Acquisition of Citizenship at Birth Abroad
Birth Abroad to Two U.S. Citizen Parents: A child born abroad to two U.S. citizen parents acquires U.S. citizenship at birth if one of the parents has resided in the U.S. prior to the child’s birth. No specific period of time for such prior residence is required. Birth Abroad to One Citizen Parent and One Alien Parent in Wedlock: A child born abroad to one U.S. citizen parent and one alien parent in wedlock acquires U.S. citizenship at birth under section 301(g) of the Act, provided the citizen parent was physically present in the U.S. for the time period required by the law applicable at the time of the child’s birth:
- For birth on or after Nov. 14, 1986, a period of 5 years physical presence, 2 after the age of 14 is required.
- For birth between Dec. 24, 1952, and Nov. 13, 1986, a period of 10 years, 5 after the age of 14 are required.

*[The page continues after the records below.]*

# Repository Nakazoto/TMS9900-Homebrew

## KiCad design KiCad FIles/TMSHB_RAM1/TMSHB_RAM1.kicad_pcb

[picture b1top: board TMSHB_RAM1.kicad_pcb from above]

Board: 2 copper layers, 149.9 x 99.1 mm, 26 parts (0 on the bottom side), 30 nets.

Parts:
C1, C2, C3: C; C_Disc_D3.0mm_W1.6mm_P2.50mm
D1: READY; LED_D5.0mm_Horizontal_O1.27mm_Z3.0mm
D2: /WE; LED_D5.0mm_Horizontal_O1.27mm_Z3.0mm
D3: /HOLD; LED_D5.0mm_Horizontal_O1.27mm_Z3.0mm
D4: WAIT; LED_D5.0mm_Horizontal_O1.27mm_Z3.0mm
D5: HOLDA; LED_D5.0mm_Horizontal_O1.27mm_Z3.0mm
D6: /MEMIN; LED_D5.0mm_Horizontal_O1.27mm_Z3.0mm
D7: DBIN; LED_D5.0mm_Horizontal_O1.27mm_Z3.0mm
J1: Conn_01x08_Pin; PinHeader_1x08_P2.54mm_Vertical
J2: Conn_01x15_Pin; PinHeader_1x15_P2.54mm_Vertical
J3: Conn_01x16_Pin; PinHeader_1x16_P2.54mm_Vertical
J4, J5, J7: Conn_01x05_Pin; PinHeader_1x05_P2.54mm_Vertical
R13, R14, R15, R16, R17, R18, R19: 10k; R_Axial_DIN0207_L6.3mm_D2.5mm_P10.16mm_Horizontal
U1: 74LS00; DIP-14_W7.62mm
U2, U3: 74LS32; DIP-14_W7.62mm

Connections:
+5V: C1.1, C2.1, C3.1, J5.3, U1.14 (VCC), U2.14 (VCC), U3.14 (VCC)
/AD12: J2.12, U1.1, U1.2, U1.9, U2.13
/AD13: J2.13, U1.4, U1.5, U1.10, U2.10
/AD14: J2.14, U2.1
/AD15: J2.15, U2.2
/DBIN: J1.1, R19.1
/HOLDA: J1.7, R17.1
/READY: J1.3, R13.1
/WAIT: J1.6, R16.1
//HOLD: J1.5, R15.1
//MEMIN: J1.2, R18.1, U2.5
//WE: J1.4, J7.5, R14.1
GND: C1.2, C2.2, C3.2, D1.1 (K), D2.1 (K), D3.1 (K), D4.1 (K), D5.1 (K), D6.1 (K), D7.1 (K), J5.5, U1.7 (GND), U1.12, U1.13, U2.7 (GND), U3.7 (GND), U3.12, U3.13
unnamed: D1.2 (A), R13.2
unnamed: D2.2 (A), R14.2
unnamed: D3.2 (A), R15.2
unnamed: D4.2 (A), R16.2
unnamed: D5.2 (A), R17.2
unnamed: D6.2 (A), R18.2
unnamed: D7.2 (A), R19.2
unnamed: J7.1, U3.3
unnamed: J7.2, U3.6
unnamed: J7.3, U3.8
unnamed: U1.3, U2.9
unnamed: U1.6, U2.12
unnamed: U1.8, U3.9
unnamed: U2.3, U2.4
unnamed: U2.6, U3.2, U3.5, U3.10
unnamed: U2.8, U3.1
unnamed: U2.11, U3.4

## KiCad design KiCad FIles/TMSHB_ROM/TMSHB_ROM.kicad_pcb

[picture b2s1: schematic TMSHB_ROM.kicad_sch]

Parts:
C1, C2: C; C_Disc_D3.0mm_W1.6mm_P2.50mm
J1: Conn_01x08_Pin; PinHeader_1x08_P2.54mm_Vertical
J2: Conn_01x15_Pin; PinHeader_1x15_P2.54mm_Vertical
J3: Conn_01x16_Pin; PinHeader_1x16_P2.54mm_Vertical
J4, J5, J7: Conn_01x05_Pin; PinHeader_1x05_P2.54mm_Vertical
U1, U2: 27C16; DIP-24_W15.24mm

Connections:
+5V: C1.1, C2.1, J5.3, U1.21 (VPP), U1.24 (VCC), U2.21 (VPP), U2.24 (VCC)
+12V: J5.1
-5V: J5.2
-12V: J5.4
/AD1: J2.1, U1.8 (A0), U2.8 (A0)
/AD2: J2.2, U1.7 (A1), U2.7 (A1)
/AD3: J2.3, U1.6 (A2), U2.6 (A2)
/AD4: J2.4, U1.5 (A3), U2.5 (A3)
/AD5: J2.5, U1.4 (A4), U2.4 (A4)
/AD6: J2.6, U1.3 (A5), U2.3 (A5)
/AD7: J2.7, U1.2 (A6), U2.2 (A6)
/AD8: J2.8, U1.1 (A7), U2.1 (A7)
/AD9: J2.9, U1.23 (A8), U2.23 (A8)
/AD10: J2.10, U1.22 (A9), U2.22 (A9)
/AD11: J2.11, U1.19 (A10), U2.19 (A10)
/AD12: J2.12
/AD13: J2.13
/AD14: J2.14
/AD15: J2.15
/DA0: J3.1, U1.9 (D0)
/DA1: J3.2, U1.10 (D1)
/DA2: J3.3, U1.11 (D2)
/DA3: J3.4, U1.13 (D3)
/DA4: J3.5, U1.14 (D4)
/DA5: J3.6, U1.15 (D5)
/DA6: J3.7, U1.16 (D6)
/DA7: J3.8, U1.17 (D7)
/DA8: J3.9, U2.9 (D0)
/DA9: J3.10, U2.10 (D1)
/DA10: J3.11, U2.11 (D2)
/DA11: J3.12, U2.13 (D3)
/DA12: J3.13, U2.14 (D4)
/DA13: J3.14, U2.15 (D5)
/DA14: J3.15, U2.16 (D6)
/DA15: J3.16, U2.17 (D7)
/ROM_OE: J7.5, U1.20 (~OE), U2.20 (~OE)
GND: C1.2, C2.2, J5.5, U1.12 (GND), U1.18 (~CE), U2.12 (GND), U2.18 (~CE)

Birth Abroad Out-of-Wedlock to a U.S. Citizen Father: A child born abroad out-of-wedlock to a U.S. citizen father may acquire U.S. citizenship under section 301(g) of the Act if:
- A blood relationship between the child and the father is established by clear and convincing evidence.
- The father is a U.S. national at the time of the child’s birth.
- The father (unless deceased) has agreed in writing to provide financial support for the child until the child reaches age 18.
- While the child is under age 18, (a) the child is legitimated under the law of their residence or domicile, (b) the father acknowledges paternity of the child in writing under oath, or (c) the paternity of the child is established by adjudication in court.
Birth Abroad Out-of-Wedlock to a U.S. Citizen Mother: A child born abroad out-of-wedlock to a U.S. citizen mother may acquire U.S. citizenship under section 301(g) of the Act if the mother was a U.S. citizen at the time of the child’s birth, and if the mother had previously been present in the U.S. or one of its outlying possessions for a continuous period of one year.